_Exercise details_
Please transcribe exactly, and only, the lines of the data below between the line holding "- Mate:21: CH-1-01-support:2" and the line holding "- Mate:28: CH-1-01-support:1", inclusive.

Data entries:
[Start of section]
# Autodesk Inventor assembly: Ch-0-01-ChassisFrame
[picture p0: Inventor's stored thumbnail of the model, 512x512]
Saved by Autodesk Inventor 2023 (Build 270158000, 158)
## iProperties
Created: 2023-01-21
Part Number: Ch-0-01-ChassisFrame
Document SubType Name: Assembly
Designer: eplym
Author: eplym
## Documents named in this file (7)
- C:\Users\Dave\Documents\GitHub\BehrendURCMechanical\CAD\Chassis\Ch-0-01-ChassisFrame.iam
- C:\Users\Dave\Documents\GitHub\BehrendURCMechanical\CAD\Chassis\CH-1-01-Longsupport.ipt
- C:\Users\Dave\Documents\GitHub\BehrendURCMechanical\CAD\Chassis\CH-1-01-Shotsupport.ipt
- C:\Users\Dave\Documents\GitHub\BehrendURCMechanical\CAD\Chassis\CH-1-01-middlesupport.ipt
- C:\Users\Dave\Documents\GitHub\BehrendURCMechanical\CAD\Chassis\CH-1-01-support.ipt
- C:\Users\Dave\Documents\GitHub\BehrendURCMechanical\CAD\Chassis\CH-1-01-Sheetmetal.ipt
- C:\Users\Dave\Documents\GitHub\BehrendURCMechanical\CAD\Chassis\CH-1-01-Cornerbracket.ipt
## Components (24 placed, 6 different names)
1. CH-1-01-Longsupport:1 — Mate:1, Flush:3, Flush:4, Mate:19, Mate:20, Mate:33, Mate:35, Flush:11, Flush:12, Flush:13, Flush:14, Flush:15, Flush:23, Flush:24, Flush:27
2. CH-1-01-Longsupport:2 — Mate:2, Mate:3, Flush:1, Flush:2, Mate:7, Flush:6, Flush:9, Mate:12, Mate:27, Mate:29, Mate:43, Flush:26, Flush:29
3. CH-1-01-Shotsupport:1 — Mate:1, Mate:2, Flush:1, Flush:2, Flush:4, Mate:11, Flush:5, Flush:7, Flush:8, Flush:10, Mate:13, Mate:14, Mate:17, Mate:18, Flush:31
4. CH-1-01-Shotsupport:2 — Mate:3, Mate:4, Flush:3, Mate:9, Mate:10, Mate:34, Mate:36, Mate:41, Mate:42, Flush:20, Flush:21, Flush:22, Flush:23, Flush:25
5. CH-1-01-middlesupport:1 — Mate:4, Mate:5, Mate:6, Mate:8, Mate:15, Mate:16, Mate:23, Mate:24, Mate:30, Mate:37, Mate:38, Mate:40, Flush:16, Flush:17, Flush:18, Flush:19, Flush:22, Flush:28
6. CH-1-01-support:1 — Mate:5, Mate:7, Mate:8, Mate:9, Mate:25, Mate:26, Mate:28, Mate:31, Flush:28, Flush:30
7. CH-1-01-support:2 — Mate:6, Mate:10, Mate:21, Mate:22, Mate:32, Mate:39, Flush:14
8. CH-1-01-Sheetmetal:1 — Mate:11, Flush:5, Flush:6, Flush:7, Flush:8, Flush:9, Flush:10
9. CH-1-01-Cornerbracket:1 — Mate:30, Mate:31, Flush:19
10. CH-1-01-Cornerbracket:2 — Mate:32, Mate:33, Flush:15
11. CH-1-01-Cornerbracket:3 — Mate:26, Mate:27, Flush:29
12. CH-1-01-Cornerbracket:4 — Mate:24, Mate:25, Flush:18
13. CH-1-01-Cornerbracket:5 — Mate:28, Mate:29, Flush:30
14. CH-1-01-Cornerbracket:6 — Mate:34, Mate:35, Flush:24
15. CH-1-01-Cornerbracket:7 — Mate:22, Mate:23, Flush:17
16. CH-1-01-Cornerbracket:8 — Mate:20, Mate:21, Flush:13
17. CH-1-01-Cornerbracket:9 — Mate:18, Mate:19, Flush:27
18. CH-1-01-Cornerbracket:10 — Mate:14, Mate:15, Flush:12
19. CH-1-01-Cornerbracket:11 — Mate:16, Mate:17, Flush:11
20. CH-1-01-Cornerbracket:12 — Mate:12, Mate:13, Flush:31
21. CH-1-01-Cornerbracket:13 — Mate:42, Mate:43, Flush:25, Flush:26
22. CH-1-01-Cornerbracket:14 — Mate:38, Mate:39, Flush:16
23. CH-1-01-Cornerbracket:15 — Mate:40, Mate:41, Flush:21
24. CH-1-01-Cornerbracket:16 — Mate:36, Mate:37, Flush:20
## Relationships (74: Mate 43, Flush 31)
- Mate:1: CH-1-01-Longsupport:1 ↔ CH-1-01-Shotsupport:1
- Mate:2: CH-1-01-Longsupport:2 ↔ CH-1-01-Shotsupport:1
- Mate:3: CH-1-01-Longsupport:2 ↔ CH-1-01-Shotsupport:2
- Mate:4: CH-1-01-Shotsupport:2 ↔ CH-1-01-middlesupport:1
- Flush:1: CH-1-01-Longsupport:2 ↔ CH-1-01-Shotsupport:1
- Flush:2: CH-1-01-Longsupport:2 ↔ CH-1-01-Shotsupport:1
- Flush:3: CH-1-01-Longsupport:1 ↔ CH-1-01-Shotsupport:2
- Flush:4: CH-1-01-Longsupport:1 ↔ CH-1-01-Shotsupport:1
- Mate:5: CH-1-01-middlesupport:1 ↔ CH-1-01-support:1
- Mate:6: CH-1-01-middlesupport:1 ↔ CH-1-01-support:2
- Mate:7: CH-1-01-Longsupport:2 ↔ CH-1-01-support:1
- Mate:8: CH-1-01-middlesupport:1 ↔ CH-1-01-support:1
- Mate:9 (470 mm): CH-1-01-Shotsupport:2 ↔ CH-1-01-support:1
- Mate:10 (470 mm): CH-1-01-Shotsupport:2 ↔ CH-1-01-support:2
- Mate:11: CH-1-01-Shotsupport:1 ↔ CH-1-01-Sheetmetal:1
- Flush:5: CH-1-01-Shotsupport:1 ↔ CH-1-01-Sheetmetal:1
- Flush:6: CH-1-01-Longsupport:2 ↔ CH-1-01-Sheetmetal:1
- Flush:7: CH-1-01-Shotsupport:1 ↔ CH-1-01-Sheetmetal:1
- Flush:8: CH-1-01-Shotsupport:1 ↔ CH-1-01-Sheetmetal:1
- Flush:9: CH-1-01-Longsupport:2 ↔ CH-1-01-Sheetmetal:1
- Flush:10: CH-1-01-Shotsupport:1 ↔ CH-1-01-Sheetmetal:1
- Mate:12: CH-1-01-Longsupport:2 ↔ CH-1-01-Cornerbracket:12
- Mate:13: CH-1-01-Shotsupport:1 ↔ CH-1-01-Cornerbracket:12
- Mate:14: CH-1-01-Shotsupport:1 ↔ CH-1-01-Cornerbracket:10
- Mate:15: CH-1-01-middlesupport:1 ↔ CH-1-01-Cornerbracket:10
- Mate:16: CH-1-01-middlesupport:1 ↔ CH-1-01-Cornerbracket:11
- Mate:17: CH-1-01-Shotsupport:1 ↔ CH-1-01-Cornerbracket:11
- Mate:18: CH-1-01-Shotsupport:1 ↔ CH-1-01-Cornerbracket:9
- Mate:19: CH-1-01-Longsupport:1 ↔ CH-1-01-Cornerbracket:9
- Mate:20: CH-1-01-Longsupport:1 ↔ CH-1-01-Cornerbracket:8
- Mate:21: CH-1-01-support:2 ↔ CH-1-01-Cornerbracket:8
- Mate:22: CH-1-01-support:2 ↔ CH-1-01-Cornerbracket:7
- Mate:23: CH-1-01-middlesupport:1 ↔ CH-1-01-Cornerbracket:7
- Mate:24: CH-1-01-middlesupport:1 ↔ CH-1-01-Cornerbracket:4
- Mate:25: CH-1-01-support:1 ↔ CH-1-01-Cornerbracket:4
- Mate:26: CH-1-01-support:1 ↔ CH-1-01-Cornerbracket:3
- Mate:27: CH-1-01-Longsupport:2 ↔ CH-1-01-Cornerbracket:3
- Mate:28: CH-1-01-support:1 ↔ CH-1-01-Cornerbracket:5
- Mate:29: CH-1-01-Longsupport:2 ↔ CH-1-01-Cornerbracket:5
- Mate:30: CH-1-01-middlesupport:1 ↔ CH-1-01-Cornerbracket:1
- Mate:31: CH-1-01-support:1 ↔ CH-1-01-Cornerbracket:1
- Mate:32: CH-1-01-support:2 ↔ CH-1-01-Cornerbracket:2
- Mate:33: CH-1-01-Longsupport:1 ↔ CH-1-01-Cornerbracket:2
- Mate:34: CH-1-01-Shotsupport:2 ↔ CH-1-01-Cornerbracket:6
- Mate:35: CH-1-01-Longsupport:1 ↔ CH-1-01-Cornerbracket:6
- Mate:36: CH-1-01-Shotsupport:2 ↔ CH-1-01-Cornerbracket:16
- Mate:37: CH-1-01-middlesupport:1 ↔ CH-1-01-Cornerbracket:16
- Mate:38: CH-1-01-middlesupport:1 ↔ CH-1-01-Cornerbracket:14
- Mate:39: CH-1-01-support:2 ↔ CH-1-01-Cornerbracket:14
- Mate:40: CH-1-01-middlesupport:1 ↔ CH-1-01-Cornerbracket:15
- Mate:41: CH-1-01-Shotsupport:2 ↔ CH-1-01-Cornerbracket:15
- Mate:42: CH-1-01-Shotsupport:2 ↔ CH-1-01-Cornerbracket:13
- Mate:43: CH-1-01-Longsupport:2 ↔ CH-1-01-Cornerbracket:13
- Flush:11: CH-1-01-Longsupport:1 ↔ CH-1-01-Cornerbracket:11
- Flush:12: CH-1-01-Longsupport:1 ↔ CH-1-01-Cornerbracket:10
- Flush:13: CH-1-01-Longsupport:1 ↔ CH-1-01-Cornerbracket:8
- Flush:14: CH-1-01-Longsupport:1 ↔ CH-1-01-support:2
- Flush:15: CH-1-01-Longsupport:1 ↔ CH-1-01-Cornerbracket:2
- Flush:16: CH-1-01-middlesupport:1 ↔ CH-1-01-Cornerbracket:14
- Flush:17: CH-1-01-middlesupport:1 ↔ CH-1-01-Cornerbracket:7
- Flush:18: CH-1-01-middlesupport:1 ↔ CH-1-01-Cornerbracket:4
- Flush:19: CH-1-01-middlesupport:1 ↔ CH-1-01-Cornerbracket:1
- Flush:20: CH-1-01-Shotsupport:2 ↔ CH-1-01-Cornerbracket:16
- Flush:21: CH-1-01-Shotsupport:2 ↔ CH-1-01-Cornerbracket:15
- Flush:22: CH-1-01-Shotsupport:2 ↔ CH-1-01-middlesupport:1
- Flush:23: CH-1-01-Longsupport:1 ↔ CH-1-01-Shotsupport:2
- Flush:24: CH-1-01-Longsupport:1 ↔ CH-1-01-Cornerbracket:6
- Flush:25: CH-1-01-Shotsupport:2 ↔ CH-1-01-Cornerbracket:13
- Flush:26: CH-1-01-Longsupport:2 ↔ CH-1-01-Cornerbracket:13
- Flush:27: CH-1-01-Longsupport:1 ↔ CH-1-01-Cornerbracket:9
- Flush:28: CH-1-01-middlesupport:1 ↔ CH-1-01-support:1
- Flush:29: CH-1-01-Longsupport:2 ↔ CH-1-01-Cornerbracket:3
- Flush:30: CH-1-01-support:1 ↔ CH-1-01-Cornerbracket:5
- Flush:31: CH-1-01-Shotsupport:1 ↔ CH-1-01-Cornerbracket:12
[End of section]
_Written solution_
- Mate:21: CH-1-01-support:2 ↔ CH-1-01-Cornerbracket:8
- Mate:22: CH-1-01-support:2 ↔ CH-1-01-Cornerbracket:7
- Mate:23: CH-1-01-middlesupport:1 ↔ CH-1-01-Cornerbracket:7
- Mate:24: CH-1-01-middlesupport:1 ↔ CH-1-01-Cornerbracket:4
- Mate:25: CH-1-01-support:1 ↔ CH-1-01-Cornerbracket:4
- Mate:26: CH-1-01-support:1 ↔ CH-1-01-Cornerbracket:3
- Mate:27: CH-1-01-Longsupport:2 ↔ CH-1-01-Cornerbracket:3
- Mate:28: CH-1-01-support:1 ↔ CH-1-01-Cornerbracket:5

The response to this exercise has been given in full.